When the Only Certainty is Uncertainty Itself

One of the hardest things to come to terms with in life, is that the only certainty is uncertainty itself. Change is inevitable, and that is not a bad thing. Sometimes it can seem bad, particularly when you face the need to alter life goals due to unforeseen circumstances – and sometimes this can happen more than once, like it did for me. This does not make it “bad”, all it means is that an adjustment period is required. In hindsight, it often appears that everything happens for a reason. There are pro’s and con’s for every situation.

In an ever-changing world, the only constant that remains to an individual are core values. These can help. Honestly, I have found that rebuilding confidence is quite difficult. I tend to struggle to believe in myself, and in my capabilities, on a regular basis. I tend to forget about what I have achieved, or the positive things I have done, and focus instead on what I cannot do. Thus, mindset makes a big difference. It is easy to fall down the rabbit hole of negativity, but once in there you need to find ways to climb back up instead of the much easier route of spiraling down. Discovering the root cause is a challenge within itself. For me, it was the realisation that I now seem to lack direction, which in turn made me feel hopeless and worthless. My whole life I was driven by what I wanted to work towards for my future, mainly career, lifestyle and such. I always dreamed of success and happiness in the working world. Hence, my life was practically turned upside down when I fell chronically ill. Instead of dwelling on this turning of events (as I had already done this enough, and probably a little too much), I decided to evaluate what exactly I missed about how my life used to be, in order to determine whether I could get back to a similar point, or at the very least to a similar mindset. These include:

  • Working hard, and knowing which direction I was headed in regards to the path leading to success and working in a dream job – or rather, what I thought was my dream job.
  • Living area, independence, freedom – loving where I lived, the weather, the atmosphere, being able to live independently and the associated responsibilities and freedoms.
  • Surrounded by like-minded friends, driven people, all working hard towards the same goal.
  • Adventures – especially training in martial arts and being able to be active and physically strong; swimming at the beach every morning; hiking in the Royal National Park and Blue Mountains on days off; being able to go horse riding regularly.

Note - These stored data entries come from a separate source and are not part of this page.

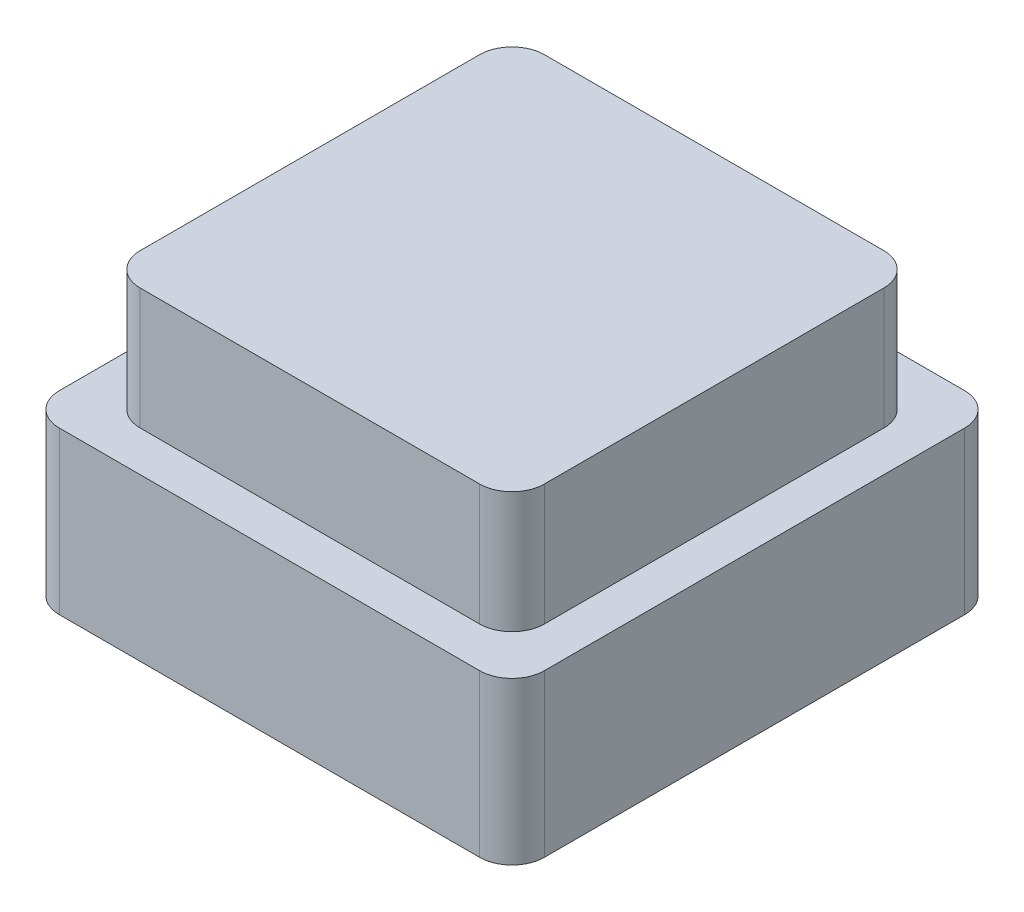
ISO-10303-21;
HEADER;
FILE_DESCRIPTION(('STEP AP214'),'2;1');
FILE_NAME('part.step','',(''),(''),'','','');
FILE_SCHEMA(('AUTOMOTIVE_DESIGN { 1 0 10303 214 1 1 1 1 }'));
ENDSEC;
DATA;
#1=APPLICATION_CONTEXT('core data for automotive mechanical design processes');
#2=APPLICATION_PROTOCOL_DEFINITION('international standard','automotive_design',2000,#1);
#3=PRODUCT_CONTEXT('',#1,'mechanical');
#4=PRODUCT('Part','Part','',(#3));
#5=PRODUCT_RELATED_PRODUCT_CATEGORY('part','',(#4));
#6=PRODUCT_DEFINITION_FORMATION('','',#4);
#7=PRODUCT_DEFINITION_CONTEXT('part definition',#1,'design');
#8=PRODUCT_DEFINITION('design','',#6,#7);
#9=PRODUCT_DEFINITION_SHAPE('','',#8);
#10=(LENGTH_UNIT() NAMED_UNIT(*) SI_UNIT(.MILLI.,.METRE.));
#11=(NAMED_UNIT(*) PLANE_ANGLE_UNIT() SI_UNIT($,.RADIAN.));
#12=(NAMED_UNIT(*) SI_UNIT($,.STERADIAN.) SOLID_ANGLE_UNIT());
#13=UNCERTAINTY_MEASURE_WITH_UNIT(LENGTH_MEASURE(1.E-05),#10,'distance_accuracy_value','');
#14=(GEOMETRIC_REPRESENTATION_CONTEXT(3) GLOBAL_UNCERTAINTY_ASSIGNED_CONTEXT((#13)) GLOBAL_UNIT_ASSIGNED_CONTEXT((#10,
#11,#12)) REPRESENTATION_CONTEXT('',''));
#15=CARTESIAN_POINT('',(0.,0.,0.));
#16=DIRECTION('',(0.,0.,1.));
#17=DIRECTION('',(1.,0.,0.));
#18=AXIS2_PLACEMENT_3D('',#15,#16,#17);
#19=CARTESIAN_POINT('',(0.,12.7,0.));
#20=DIRECTION('',(0.,-1.,0.));
#21=DIRECTION('',(0.,0.,-1.));
#22=AXIS2_PLACEMENT_3D('',#19,#20,#21);
#23=PLANE('',#22);
#24=DIRECTION('',(0.,0.,-1.));
#25=VECTOR('',#24,1.);
#26=CARTESIAN_POINT('',(19.05,12.7,19.05));
#27=LINE('',#26,#25);
#28=CARTESIAN_POINT('',(19.05,12.7,16.51));
#29=VERTEX_POINT('',#28);
#30=CARTESIAN_POINT('',(19.05,12.7,-16.51));
#31=VERTEX_POINT('',#30);
#32=EDGE_CURVE('E194',#29,#31,#27,.T.);
#33=ORIENTED_EDGE('',*,*,#32,.T.);
#34=CARTESIAN_POINT('',(16.51,12.7,-16.51));
#35=DIRECTION('',(0.,-1.,0.));
#36=DIRECTION('',(0.,0.,-1.));
#37=AXIS2_PLACEMENT_3D('',#34,#35,#36);
#38=CIRCLE('',#37,2.54);
#39=CARTESIAN_POINT('',(16.51,12.7,-19.05));
#40=VERTEX_POINT('',#39);
#41=EDGE_CURVE('E260',#31,#40,#38,.F.);
#42=ORIENTED_EDGE('',*,*,#41,.T.);
#43=DIRECTION('',(-1.,0.,0.));
#44=VECTOR('',#43,1.);
#45=CARTESIAN_POINT('',(-19.05,12.7,-19.05));
#46=LINE('',#45,#44);
#47=CARTESIAN_POINT('',(-16.51,12.7,-19.05));
#48=VERTEX_POINT('',#47);
#49=EDGE_CURVE('E198',#40,#48,#46,.T.);
#50=ORIENTED_EDGE('',*,*,#49,.T.);
#51=CARTESIAN_POINT('',(-16.51,12.7,-16.51));
#52=DIRECTION('',(0.,-1.,0.));
#53=DIRECTION('',(0.,0.,-1.));
#54=AXIS2_PLACEMENT_3D('',#51,#52,#53);
#55=CIRCLE('',#54,2.54);
#56=CARTESIAN_POINT('',(-19.05,12.7,-16.51));
#57=VERTEX_POINT('',#56);
#58=EDGE_CURVE('E257',#48,#57,#55,.F.);
#59=ORIENTED_EDGE('',*,*,#58,.T.);
#60=DIRECTION('',(0.,0.,1.));
#61=VECTOR('',#60,1.);
#62=CARTESIAN_POINT('',(-19.05,12.7,19.05));
#63=LINE('',#62,#61);
#64=CARTESIAN_POINT('',(-19.05,12.7,16.51));
#65=VERTEX_POINT('',#64);
#66=EDGE_CURVE('E203',#57,#65,#63,.T.);
#67=ORIENTED_EDGE('',*,*,#66,.T.);
#68=CARTESIAN_POINT('',(-16.51,12.7,16.51));
#69=DIRECTION('',(0.,-1.,0.));
#70=DIRECTION('',(0.,0.,-1.));
#71=AXIS2_PLACEMENT_3D('',#68,#69,#70);
#72=CIRCLE('',#71,2.54);
#73=CARTESIAN_POINT('',(-16.51,12.7,19.05));
#74=VERTEX_POINT('',#73);
#75=EDGE_CURVE('E254',#65,#74,#72,.F.);
#76=ORIENTED_EDGE('',*,*,#75,.T.);
#77=DIRECTION('',(1.,0.,0.));
#78=VECTOR('',#77,1.);
#79=CARTESIAN_POINT('',(-19.05,12.7,19.05));
#80=LINE('',#79,#78);
#81=CARTESIAN_POINT('',(16.51,12.7,19.05));
#82=VERTEX_POINT('',#81);
#83=EDGE_CURVE('E207',#74,#82,#80,.T.);
#84=ORIENTED_EDGE('',*,*,#83,.T.);
#85=CARTESIAN_POINT('',(16.51,12.7,16.51));
#86=DIRECTION('',(0.,-1.,0.));
#87=DIRECTION('',(0.,0.,-1.));
#88=AXIS2_PLACEMENT_3D('',#85,#86,#87);
#89=CIRCLE('',#88,2.54);
#90=EDGE_CURVE('E251',#82,#29,#89,.F.);
#91=ORIENTED_EDGE('',*,*,#90,.T.);
#92=EDGE_LOOP('',(#33,#42,#50,#59,#67,#76,#84,#91));
#93=FACE_BOUND('',#92,.T.);
#94=DIRECTION('',(0.,0.,-1.));
#95=VECTOR('',#94,1.);
#96=CARTESIAN_POINT('',(15.875,12.7,0.));
#97=LINE('',#96,#95);
#98=CARTESIAN_POINT('',(15.875,12.7,13.335));
#99=VERTEX_POINT('',#98);
#100=CARTESIAN_POINT('',(15.875,12.7,-13.335));
#101=VERTEX_POINT('',#100);
#102=EDGE_CURVE('E175',#99,#101,#97,.T.);
#103=ORIENTED_EDGE('',*,*,#102,.F.);
#104=CARTESIAN_POINT('',(13.335,12.7,13.335));
#105=DIRECTION('',(0.,-1.,0.));
#106=DIRECTION('',(0.,0.,-1.));
#107=AXIS2_PLACEMENT_3D('',#104,#105,#106);
#108=CIRCLE('',#107,2.54);
#109=CARTESIAN_POINT('',(13.335,12.7,15.875));
#110=VERTEX_POINT('',#109);
#111=EDGE_CURVE('E48',#99,#110,#108,.T.);
#112=ORIENTED_EDGE('',*,*,#111,.T.);
#113=DIRECTION('',(1.,0.,0.));
#114=VECTOR('',#113,1.);
#115=CARTESIAN_POINT('',(0.,12.7,15.875));
#116=LINE('',#115,#114);
#117=CARTESIAN_POINT('',(-13.335,12.7,15.875));
#118=VERTEX_POINT('',#117);
#119=EDGE_CURVE('E54',#118,#110,#116,.T.);
#120=ORIENTED_EDGE('',*,*,#119,.F.);
#121=CARTESIAN_POINT('',(-13.335,12.7,13.335));
#122=DIRECTION('',(0.,-1.,0.));
#123=DIRECTION('',(0.,0.,-1.));
#124=AXIS2_PLACEMENT_3D('',#121,#122,#123);
#125=CIRCLE('',#124,2.54);
#126=CARTESIAN_POINT('',(-15.875,12.7,13.335));
#127=VERTEX_POINT('',#126);
#128=EDGE_CURVE('E11',#118,#127,#125,.T.);
#129=ORIENTED_EDGE('',*,*,#128,.T.);
#130=DIRECTION('',(0.,0.,1.));
#131=VECTOR('',#130,1.);
#132=CARTESIAN_POINT('',(-15.875,12.7,0.));
#133=LINE('',#132,#131);
#134=CARTESIAN_POINT('',(-15.875,12.7,-13.335));
#135=VERTEX_POINT('',#134);
#136=EDGE_CURVE('E188',#135,#127,#133,.T.);
#137=ORIENTED_EDGE('',*,*,#136,.F.);
#138=CARTESIAN_POINT('',(-13.335,12.7,-13.335));
#139=DIRECTION('',(0.,-1.,0.));
#140=DIRECTION('',(0.,0.,-1.));
#141=AXIS2_PLACEMENT_3D('',#138,#139,#140);
#142=CIRCLE('',#141,2.54);
#143=CARTESIAN_POINT('',(-13.335,12.7,-15.875));
#144=VERTEX_POINT('',#143);
#145=EDGE_CURVE('E280',#135,#144,#142,.T.);
#146=ORIENTED_EDGE('',*,*,#145,.T.);
#147=DIRECTION('',(-1.,0.,0.));
#148=VECTOR('',#147,1.);
#149=CARTESIAN_POINT('',(0.,12.7,-15.875));
#150=LINE('',#149,#148);
#151=CARTESIAN_POINT('',(13.335,12.7,-15.875));
#152=VERTEX_POINT('',#151);
#153=EDGE_CURVE('E179',#152,#144,#150,.T.);
#154=ORIENTED_EDGE('',*,*,#153,.F.);
#155=CARTESIAN_POINT('',(13.335,12.7,-13.335));
#156=DIRECTION('',(0.,-1.,0.));
#157=DIRECTION('',(0.,0.,-1.));
#158=AXIS2_PLACEMENT_3D('',#155,#156,#157);
#159=CIRCLE('',#158,2.54);
#160=EDGE_CURVE('E277',#152,#101,#159,.T.);
#161=ORIENTED_EDGE('',*,*,#160,.T.);
#162=EDGE_LOOP('',(#103,#112,#120,#129,#137,#146,#154,#161));
#163=FACE_BOUND('',#162,.T.);
#164=ADVANCED_FACE('F39',(#93,#163),#23,.F.);
#165=CARTESIAN_POINT('',(19.05,12.7,19.05));
#166=DIRECTION('',(-1.,0.,0.));
#167=DIRECTION('',(0.,0.,1.));
#168=AXIS2_PLACEMENT_3D('',#165,#166,#167);
#169=PLANE('',#168);
#170=DIRECTION('',(0.,0.,-1.));
#171=VECTOR('',#170,1.);
#172=CARTESIAN_POINT('',(19.05,0.,19.05));
#173=LINE('',#172,#171);
#174=CARTESIAN_POINT('',(19.05,0.,16.51));
#175=VERTEX_POINT('',#174);
#176=CARTESIAN_POINT('',(19.05,0.,-16.51));
#177=VERTEX_POINT('',#176);
#178=EDGE_CURVE('E193',#175,#177,#173,.T.);
#179=ORIENTED_EDGE('',*,*,#178,.T.);
#180=DIRECTION('',(0.,-1.,0.));
#181=VECTOR('',#180,1.);
#182=CARTESIAN_POINT('',(19.05,12.7,-16.51));
#183=LINE('',#182,#181);
#184=EDGE_CURVE('E248',#177,#31,#183,.F.);
#185=ORIENTED_EDGE('',*,*,#184,.T.);
#186=ORIENTED_EDGE('',*,*,#32,.F.);
#187=DIRECTION('',(0.,-1.,0.));
#188=VECTOR('',#187,1.);
#189=CARTESIAN_POINT('',(19.05,12.7,16.51));
#190=LINE('',#189,#188);
#191=EDGE_CURVE('E244',#29,#175,#190,.T.);
#192=ORIENTED_EDGE('',*,*,#191,.T.);
#193=EDGE_LOOP('',(#179,#185,#186,#192));
#194=FACE_BOUND('',#193,.T.);
#195=ADVANCED_FACE('F354',(#194),#169,.F.);
#196=CARTESIAN_POINT('',(-19.05,12.7,-19.05));
#197=DIRECTION('',(0.,0.,1.));
#198=DIRECTION('',(1.,0.,0.));
#199=AXIS2_PLACEMENT_3D('',#196,#197,#198);
#200=PLANE('',#199);
#201=ORIENTED_EDGE('',*,*,#49,.F.);
#202=DIRECTION('',(0.,-1.,0.));
#203=VECTOR('',#202,1.);
#204=CARTESIAN_POINT('',(16.51,12.7,-19.05));
#205=LINE('',#204,#203);
#206=CARTESIAN_POINT('',(16.51,0.,-19.05));
#207=VERTEX_POINT('',#206);
#208=EDGE_CURVE('E228',#40,#207,#205,.T.);
#209=ORIENTED_EDGE('',*,*,#208,.T.);
#210=DIRECTION('',(-1.,0.,0.));
#211=VECTOR('',#210,1.);
#212=CARTESIAN_POINT('',(-19.05,0.,-19.05));
#213=LINE('',#212,#211);
#214=CARTESIAN_POINT('',(-16.51,0.,-19.05));
#215=VERTEX_POINT('',#214);
#216=EDGE_CURVE('E215',#207,#215,#213,.T.);
#217=ORIENTED_EDGE('',*,*,#216,.T.);
#218=DIRECTION('',(0.,-1.,0.));
#219=VECTOR('',#218,1.);
#220=CARTESIAN_POINT('',(-16.51,12.7,-19.05));
#221=LINE('',#220,#219);
#222=EDGE_CURVE('E211',#215,#48,#221,.F.);
#223=ORIENTED_EDGE('',*,*,#222,.T.);
#224=EDGE_LOOP('',(#201,#209,#217,#223));
#225=FACE_BOUND('',#224,.T.);
#226=ADVANCED_FACE('F360',(#225),#200,.F.);
#227=CARTESIAN_POINT('',(-19.05,12.7,19.05));
#228=DIRECTION('',(1.,0.,0.));
#229=DIRECTION('',(0.,0.,-1.));
#230=AXIS2_PLACEMENT_3D('',#227,#228,#229);
#231=PLANE('',#230);
#232=ORIENTED_EDGE('',*,*,#66,.F.);
#233=DIRECTION('',(0.,-1.,0.));
#234=VECTOR('',#233,1.);
#235=CARTESIAN_POINT('',(-19.05,12.7,-16.51));
#236=LINE('',#235,#234);
#237=CARTESIAN_POINT('',(-19.05,0.,-16.51));
#238=VERTEX_POINT('',#237);
#239=EDGE_CURVE('E266',#57,#238,#236,.T.);
#240=ORIENTED_EDGE('',*,*,#239,.T.);
#241=DIRECTION('',(0.,0.,1.));
#242=VECTOR('',#241,1.);
#243=CARTESIAN_POINT('',(-19.05,0.,19.05));
#244=LINE('',#243,#242);
#245=CARTESIAN_POINT('',(-19.05,0.,16.51));
#246=VERTEX_POINT('',#245);
#247=EDGE_CURVE('E219',#238,#246,#244,.T.);
#248=ORIENTED_EDGE('',*,*,#247,.T.);
#249=DIRECTION('',(0.,-1.,0.));
#250=VECTOR('',#249,1.);
#251=CARTESIAN_POINT('',(-19.05,12.7,16.51));
#252=LINE('',#251,#250);
#253=EDGE_CURVE('E263',#246,#65,#252,.F.);
#254=ORIENTED_EDGE('',*,*,#253,.T.);
#255=EDGE_LOOP('',(#232,#240,#248,#254));
#256=FACE_BOUND('',#255,.T.);
#257=ADVANCED_FACE('F374',(#256),#231,.F.);
#258=CARTESIAN_POINT('',(-19.05,12.7,19.05));
#259=DIRECTION('',(0.,0.,-1.));
#260=DIRECTION('',(-1.,0.,0.));
#261=AXIS2_PLACEMENT_3D('',#258,#259,#260);
#262=PLANE('',#261);
#263=ORIENTED_EDGE('',*,*,#83,.F.);
#264=DIRECTION('',(0.,-1.,0.));
#265=VECTOR('',#264,1.);
#266=CARTESIAN_POINT('',(-16.51,12.7,19.05));
#267=LINE('',#266,#265);
#268=CARTESIAN_POINT('',(-16.51,0.,19.05));
#269=VERTEX_POINT('',#268);
#270=EDGE_CURVE('E273',#74,#269,#267,.T.);
#271=ORIENTED_EDGE('',*,*,#270,.T.);
#272=DIRECTION('',(1.,0.,0.));
#273=VECTOR('',#272,1.);
#274=CARTESIAN_POINT('',(-19.05,0.,19.05));
#275=LINE('',#274,#273);
#276=CARTESIAN_POINT('',(16.51,0.,19.05));
#277=VERTEX_POINT('',#276);
#278=EDGE_CURVE('E199',#269,#277,#275,.T.);
#279=ORIENTED_EDGE('',*,*,#278,.T.);
#280=DIRECTION('',(0.,-1.,0.));
#281=VECTOR('',#280,1.);
#282=CARTESIAN_POINT('',(16.51,12.7,19.05));
#283=LINE('',#282,#281);
#284=EDGE_CURVE('E270',#277,#82,#283,.F.);
#285=ORIENTED_EDGE('',*,*,#284,.T.);
#286=EDGE_LOOP('',(#263,#271,#279,#285));
#287=FACE_BOUND('',#286,.T.);
#288=ADVANCED_FACE('F370',(#287),#262,.F.);
#289=CARTESIAN_POINT('',(0.,0.,0.));
#290=DIRECTION('',(0.,-1.,0.));
#291=DIRECTION('',(0.,0.,-1.));
#292=AXIS2_PLACEMENT_3D('',#289,#290,#291);
#293=PLANE('',#292);
#294=ORIENTED_EDGE('',*,*,#216,.F.);
#295=CARTESIAN_POINT('',(16.51,0.,-16.51));
#296=DIRECTION('',(0.,-1.,0.));
#297=DIRECTION('',(0.,0.,-1.));
#298=AXIS2_PLACEMENT_3D('',#295,#296,#297);
#299=CIRCLE('',#298,2.54);
#300=EDGE_CURVE('E241',#207,#177,#299,.T.);
#301=ORIENTED_EDGE('',*,*,#300,.T.);
#302=ORIENTED_EDGE('',*,*,#178,.F.);
#303=CARTESIAN_POINT('',(16.51,0.,16.51));
#304=DIRECTION('',(0.,-1.,0.));
#305=DIRECTION('',(0.,0.,-1.));
#306=AXIS2_PLACEMENT_3D('',#303,#304,#305);
#307=CIRCLE('',#306,2.54);
#308=EDGE_CURVE('E232',#175,#277,#307,.T.);
#309=ORIENTED_EDGE('',*,*,#308,.T.);
#310=ORIENTED_EDGE('',*,*,#278,.F.);
#311=CARTESIAN_POINT('',(-16.51,0.,16.51));
#312=DIRECTION('',(0.,-1.,0.));
#313=DIRECTION('',(0.,0.,-1.));
#314=AXIS2_PLACEMENT_3D('',#311,#312,#313);
#315=CIRCLE('',#314,2.54);
#316=EDGE_CURVE('E235',#269,#246,#315,.T.);
#317=ORIENTED_EDGE('',*,*,#316,.T.);
#318=ORIENTED_EDGE('',*,*,#247,.F.);
#319=CARTESIAN_POINT('',(-16.51,0.,-16.51));
#320=DIRECTION('',(0.,-1.,0.));
#321=DIRECTION('',(0.,0.,-1.));
#322=AXIS2_PLACEMENT_3D('',#319,#320,#321);
#323=CIRCLE('',#322,2.54);
#324=EDGE_CURVE('E238',#238,#215,#323,.T.);
#325=ORIENTED_EDGE('',*,*,#324,.T.);
#326=EDGE_LOOP('',(#294,#301,#302,#309,#310,#317,#318,#325));
#327=FACE_BOUND('',#326,.T.);
#328=ADVANCED_FACE('F366',(#327),#293,.T.);
#329=CARTESIAN_POINT('',(16.51,12.7,-16.51));
#330=DIRECTION('',(0.,-1.,0.));
#331=DIRECTION('',(0.,0.,-1.));
#332=AXIS2_PLACEMENT_3D('',#329,#330,#331);
#333=CYLINDRICAL_SURFACE('',#332,2.54);
#334=ORIENTED_EDGE('',*,*,#41,.F.);
#335=ORIENTED_EDGE('',*,*,#184,.F.);
#336=ORIENTED_EDGE('',*,*,#300,.F.);
#337=ORIENTED_EDGE('',*,*,#208,.F.);
#338=EDGE_LOOP('',(#334,#335,#336,#337));
#339=FACE_BOUND('',#338,.T.);
#340=ADVANCED_FACE('F369',(#339),#333,.T.);
#341=CARTESIAN_POINT('',(-16.51,12.7,-16.51));
#342=DIRECTION('',(0.,-1.,0.));
#343=DIRECTION('',(0.,0.,-1.));
#344=AXIS2_PLACEMENT_3D('',#341,#342,#343);
#345=CYLINDRICAL_SURFACE('',#344,2.54);
#346=ORIENTED_EDGE('',*,*,#58,.F.);
#347=ORIENTED_EDGE('',*,*,#222,.F.);
#348=ORIENTED_EDGE('',*,*,#324,.F.);
#349=ORIENTED_EDGE('',*,*,#239,.F.);
#350=EDGE_LOOP('',(#346,#347,#348,#349));
#351=FACE_BOUND('',#350,.T.);
#352=ADVANCED_FACE('F384',(#351),#345,.T.);
#353=CARTESIAN_POINT('',(-16.51,12.7,16.51));
#354=DIRECTION('',(0.,-1.,0.));
#355=DIRECTION('',(0.,0.,-1.));
#356=AXIS2_PLACEMENT_3D('',#353,#354,#355);
#357=CYLINDRICAL_SURFACE('',#356,2.54);
#358=ORIENTED_EDGE('',*,*,#75,.F.);
#359=ORIENTED_EDGE('',*,*,#253,.F.);
#360=ORIENTED_EDGE('',*,*,#316,.F.);
#361=ORIENTED_EDGE('',*,*,#270,.F.);
#362=EDGE_LOOP('',(#358,#359,#360,#361));
#363=FACE_BOUND('',#362,.T.);
#364=ADVANCED_FACE('F387',(#363),#357,.T.);
#365=CARTESIAN_POINT('',(16.51,12.7,16.51));
#366=DIRECTION('',(0.,-1.,0.));
#367=DIRECTION('',(0.,0.,-1.));
#368=AXIS2_PLACEMENT_3D('',#365,#366,#367);
#369=CYLINDRICAL_SURFACE('',#368,2.54);
#370=ORIENTED_EDGE('',*,*,#90,.F.);
#371=ORIENTED_EDGE('',*,*,#284,.F.);
#372=ORIENTED_EDGE('',*,*,#308,.F.);
#373=ORIENTED_EDGE('',*,*,#191,.F.);
#374=EDGE_LOOP('',(#370,#371,#372,#373));
#375=FACE_BOUND('',#374,.T.);
#376=ADVANCED_FACE('F41',(#375),#369,.T.);
#377=CARTESIAN_POINT('',(13.335,22.225,13.335));
#378=DIRECTION('',(0.,-1.,0.));
#379=DIRECTION('',(0.,0.,-1.));
#380=AXIS2_PLACEMENT_3D('',#377,#378,#379);
#381=CYLINDRICAL_SURFACE('',#380,2.54);
#382=DIRECTION('',(0.,-1.,0.));
#383=VECTOR('',#382,1.);
#384=CARTESIAN_POINT('',(13.335,22.225,15.875));
#385=LINE('',#384,#383);
#386=CARTESIAN_POINT('',(13.335,22.225,15.875));
#387=VERTEX_POINT('',#386);
#388=EDGE_CURVE('E286',#387,#110,#385,.T.);
#389=ORIENTED_EDGE('',*,*,#388,.T.);
#390=ORIENTED_EDGE('',*,*,#111,.F.);
#391=DIRECTION('',(0.,-1.,0.));
#392=VECTOR('',#391,1.);
#393=CARTESIAN_POINT('',(15.875,22.225,13.335));
#394=LINE('',#393,#392);
#395=CARTESIAN_POINT('',(15.875,22.225,13.335));
#396=VERTEX_POINT('',#395);
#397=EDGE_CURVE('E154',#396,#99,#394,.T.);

Figuring out what I believe to be most important in life, and how to live it despite the circumstances I have been dealt, is the step I find myself constantly working on right now. How to partake in passions that will make me feel as alive as training martial arts did, for example. Being there for others, both personally and professionally is paramount for me. I discovered this to be the most important for the next career or work situation I would like to endeavour towards. I haven’t had much luck finding jobs lately, so I have decided to volunteer for causes that I believe in. This isn’t selfless, it helps me too. It will help me realise what I can and cannot do on a working level with my illness, it will help build confidence, maybe even open up new doors or career opportunities. I have decided to volunteer with a company that works with disabled people, in assisting with learning useful tasks. Once the clearance goes through, I have been assigned to assist a girl who has cerebral palsy with food preparation skills and tasks involved with working in a cafe. I am really excited about this volunteer opportunity; it has given me some sort of sense of direction, and fulfills my need to help others in a positive way.

Working out your personal drivers of happiness helps when it comes to building a life you want to live, despite circumstances and situations that arise outside of your or anybody’s control. My drivers are animals, my pets, adventures, nature, the outdoors, coffee with close friends, random acts of kindness and compassion, being creative (whether it be painting, writing, photography, etc.), spending time with my nieces and nephew – being there for them as they grow up and being involved in their lives. How we connect with others and how we connect with ourselves helps with developing a sense of harmony. In order to develop these connections, be honest with yourself and with others. Allow yourself to be unapologetically vulnerable, to be raw. Health and wellness should come first; connection and values are paramount; and personal drivers of happiness lead the path away from the downward spiral of the rabbit hole.